• THE TASK: Of the entries below, return only those lines from the line with "#34=ORIENTED_EDGE('',*,*,#33,.F.);" to the line with "#43=CARTESIAN_POINT('',(0.,0.,0.));", exactly, both included.

• GIVEN ENTRIES:
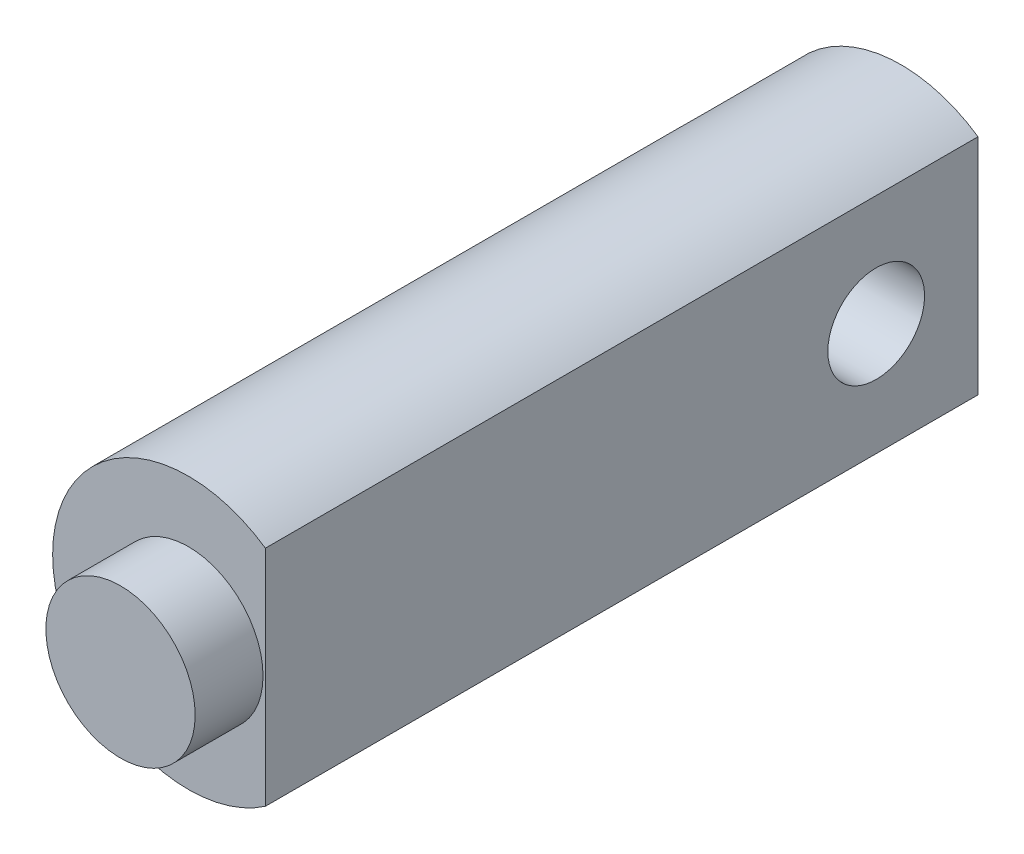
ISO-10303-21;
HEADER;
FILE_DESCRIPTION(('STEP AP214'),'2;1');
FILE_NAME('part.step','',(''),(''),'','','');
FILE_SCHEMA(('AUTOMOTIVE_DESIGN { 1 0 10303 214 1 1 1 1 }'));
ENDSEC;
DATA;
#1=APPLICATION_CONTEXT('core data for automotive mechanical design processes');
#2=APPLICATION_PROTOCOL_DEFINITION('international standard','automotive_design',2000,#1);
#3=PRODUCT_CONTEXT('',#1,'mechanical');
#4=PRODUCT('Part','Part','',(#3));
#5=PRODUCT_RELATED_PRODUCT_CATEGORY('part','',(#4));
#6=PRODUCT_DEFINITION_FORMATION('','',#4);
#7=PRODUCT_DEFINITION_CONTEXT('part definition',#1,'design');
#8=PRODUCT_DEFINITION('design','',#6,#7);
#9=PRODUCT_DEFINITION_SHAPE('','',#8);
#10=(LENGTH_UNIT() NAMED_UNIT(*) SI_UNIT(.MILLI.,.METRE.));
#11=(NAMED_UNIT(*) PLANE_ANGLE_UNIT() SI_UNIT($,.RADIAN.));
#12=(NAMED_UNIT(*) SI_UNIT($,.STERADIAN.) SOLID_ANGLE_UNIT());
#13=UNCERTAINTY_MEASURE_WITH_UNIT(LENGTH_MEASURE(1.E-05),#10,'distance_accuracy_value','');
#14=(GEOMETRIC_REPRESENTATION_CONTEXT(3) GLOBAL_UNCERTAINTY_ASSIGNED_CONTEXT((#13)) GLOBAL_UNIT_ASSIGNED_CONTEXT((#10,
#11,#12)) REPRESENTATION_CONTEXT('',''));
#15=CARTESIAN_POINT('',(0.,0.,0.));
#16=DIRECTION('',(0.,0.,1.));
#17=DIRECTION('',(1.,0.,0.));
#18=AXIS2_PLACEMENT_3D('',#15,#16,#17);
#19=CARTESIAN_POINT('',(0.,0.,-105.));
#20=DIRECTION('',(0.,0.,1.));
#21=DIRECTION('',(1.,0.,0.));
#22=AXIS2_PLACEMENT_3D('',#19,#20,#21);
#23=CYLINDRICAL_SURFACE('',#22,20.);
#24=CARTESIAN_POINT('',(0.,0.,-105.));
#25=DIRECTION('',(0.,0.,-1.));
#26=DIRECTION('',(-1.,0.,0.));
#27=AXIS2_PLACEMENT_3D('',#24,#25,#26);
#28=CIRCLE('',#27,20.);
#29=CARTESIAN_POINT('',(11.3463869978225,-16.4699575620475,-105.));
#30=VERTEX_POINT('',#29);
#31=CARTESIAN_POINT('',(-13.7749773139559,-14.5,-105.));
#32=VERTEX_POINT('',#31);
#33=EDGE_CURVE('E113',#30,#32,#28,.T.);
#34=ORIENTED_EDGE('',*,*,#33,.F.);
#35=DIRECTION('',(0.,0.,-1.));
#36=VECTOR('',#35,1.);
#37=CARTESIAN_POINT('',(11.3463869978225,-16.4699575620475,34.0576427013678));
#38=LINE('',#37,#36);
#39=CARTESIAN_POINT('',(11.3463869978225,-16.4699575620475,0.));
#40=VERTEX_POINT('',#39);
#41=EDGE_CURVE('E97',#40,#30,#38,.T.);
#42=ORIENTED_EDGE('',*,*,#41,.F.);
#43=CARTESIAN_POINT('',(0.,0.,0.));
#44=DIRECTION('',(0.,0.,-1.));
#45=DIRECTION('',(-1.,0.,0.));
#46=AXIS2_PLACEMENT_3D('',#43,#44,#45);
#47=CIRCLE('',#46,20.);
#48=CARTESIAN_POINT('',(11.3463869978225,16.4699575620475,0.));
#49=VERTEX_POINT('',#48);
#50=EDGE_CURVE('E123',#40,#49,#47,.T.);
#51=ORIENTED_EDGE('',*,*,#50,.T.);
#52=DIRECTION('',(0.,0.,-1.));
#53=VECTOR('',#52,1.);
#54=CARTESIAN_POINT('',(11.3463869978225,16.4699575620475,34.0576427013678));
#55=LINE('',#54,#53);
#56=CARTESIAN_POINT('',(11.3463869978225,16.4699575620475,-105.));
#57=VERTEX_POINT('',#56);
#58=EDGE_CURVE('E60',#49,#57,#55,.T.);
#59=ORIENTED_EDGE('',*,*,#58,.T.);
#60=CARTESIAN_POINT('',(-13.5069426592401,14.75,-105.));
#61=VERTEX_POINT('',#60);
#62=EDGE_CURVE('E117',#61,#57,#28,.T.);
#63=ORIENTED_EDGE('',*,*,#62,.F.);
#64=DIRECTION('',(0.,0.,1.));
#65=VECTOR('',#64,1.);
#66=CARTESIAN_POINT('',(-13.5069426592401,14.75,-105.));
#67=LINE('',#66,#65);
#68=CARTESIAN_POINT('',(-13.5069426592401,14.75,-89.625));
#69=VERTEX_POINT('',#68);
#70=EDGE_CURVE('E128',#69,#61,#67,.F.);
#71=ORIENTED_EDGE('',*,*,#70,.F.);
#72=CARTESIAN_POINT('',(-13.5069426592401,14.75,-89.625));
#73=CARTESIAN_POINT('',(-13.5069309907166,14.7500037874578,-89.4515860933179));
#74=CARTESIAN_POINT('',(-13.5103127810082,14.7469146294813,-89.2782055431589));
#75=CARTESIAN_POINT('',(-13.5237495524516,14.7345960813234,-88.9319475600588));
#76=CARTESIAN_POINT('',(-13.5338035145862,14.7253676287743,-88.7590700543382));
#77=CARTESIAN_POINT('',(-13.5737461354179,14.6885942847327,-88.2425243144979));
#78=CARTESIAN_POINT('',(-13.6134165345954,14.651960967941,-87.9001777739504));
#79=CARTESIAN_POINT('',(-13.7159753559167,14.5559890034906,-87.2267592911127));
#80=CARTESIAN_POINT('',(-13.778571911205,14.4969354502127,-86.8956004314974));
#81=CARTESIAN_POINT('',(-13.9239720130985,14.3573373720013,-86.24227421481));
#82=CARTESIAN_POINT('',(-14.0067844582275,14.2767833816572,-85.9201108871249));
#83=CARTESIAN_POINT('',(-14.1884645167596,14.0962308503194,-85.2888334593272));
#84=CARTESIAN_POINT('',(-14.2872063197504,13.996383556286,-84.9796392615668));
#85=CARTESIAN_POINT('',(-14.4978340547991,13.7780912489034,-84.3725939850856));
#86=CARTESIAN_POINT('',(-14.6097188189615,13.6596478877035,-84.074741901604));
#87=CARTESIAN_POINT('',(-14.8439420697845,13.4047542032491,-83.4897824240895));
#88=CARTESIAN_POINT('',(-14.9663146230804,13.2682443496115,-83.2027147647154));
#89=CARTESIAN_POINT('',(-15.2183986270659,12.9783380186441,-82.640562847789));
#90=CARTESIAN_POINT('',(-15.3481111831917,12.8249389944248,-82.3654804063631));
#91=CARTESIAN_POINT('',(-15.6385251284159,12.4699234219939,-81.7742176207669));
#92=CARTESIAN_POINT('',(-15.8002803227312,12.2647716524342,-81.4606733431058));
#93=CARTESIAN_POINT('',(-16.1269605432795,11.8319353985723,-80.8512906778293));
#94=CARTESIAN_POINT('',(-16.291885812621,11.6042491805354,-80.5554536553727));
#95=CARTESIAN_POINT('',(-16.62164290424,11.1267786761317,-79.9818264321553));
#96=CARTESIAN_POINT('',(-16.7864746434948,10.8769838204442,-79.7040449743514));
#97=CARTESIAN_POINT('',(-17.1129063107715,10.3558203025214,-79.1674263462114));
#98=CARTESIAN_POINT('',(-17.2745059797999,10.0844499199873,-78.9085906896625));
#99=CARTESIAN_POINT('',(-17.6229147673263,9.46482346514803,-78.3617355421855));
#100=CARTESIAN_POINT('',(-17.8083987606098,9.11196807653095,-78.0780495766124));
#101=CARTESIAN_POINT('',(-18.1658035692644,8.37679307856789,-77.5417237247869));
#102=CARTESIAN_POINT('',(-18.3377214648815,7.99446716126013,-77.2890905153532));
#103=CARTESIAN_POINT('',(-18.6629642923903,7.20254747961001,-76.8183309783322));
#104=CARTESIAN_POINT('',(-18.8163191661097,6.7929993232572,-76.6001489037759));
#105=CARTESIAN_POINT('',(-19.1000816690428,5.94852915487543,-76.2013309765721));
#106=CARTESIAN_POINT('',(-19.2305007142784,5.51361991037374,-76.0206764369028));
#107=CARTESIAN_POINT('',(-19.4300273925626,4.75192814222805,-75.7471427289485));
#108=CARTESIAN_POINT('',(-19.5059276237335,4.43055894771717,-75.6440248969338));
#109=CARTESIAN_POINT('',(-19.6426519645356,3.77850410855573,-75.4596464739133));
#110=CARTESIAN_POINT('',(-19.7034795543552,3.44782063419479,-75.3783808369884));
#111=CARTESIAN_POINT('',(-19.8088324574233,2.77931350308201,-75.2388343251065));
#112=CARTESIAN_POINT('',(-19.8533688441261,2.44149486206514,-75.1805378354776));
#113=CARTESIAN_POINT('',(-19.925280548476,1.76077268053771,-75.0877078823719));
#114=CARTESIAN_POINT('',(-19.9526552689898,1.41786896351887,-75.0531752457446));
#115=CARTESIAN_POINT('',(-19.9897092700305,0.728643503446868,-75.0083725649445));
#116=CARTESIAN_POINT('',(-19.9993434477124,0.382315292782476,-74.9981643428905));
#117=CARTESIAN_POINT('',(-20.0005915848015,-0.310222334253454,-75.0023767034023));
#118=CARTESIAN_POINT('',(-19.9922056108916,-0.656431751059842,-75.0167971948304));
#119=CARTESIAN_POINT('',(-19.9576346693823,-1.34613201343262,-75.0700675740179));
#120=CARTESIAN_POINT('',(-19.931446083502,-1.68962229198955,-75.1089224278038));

• YOUR RESPONSE:
#34=ORIENTED_EDGE('',*,*,#33,.F.);
#35=DIRECTION('',(0.,0.,-1.));
#36=VECTOR('',#35,1.);
#37=CARTESIAN_POINT('',(11.3463869978225,-16.4699575620475,34.0576427013678));
#38=LINE('',#37,#36);
#39=CARTESIAN_POINT('',(11.3463869978225,-16.4699575620475,0.));
#40=VERTEX_POINT('',#39);
#41=EDGE_CURVE('E97',#40,#30,#38,.T.);
#42=ORIENTED_EDGE('',*,*,#41,.F.);
#43=CARTESIAN_POINT('',(0.,0.,0.));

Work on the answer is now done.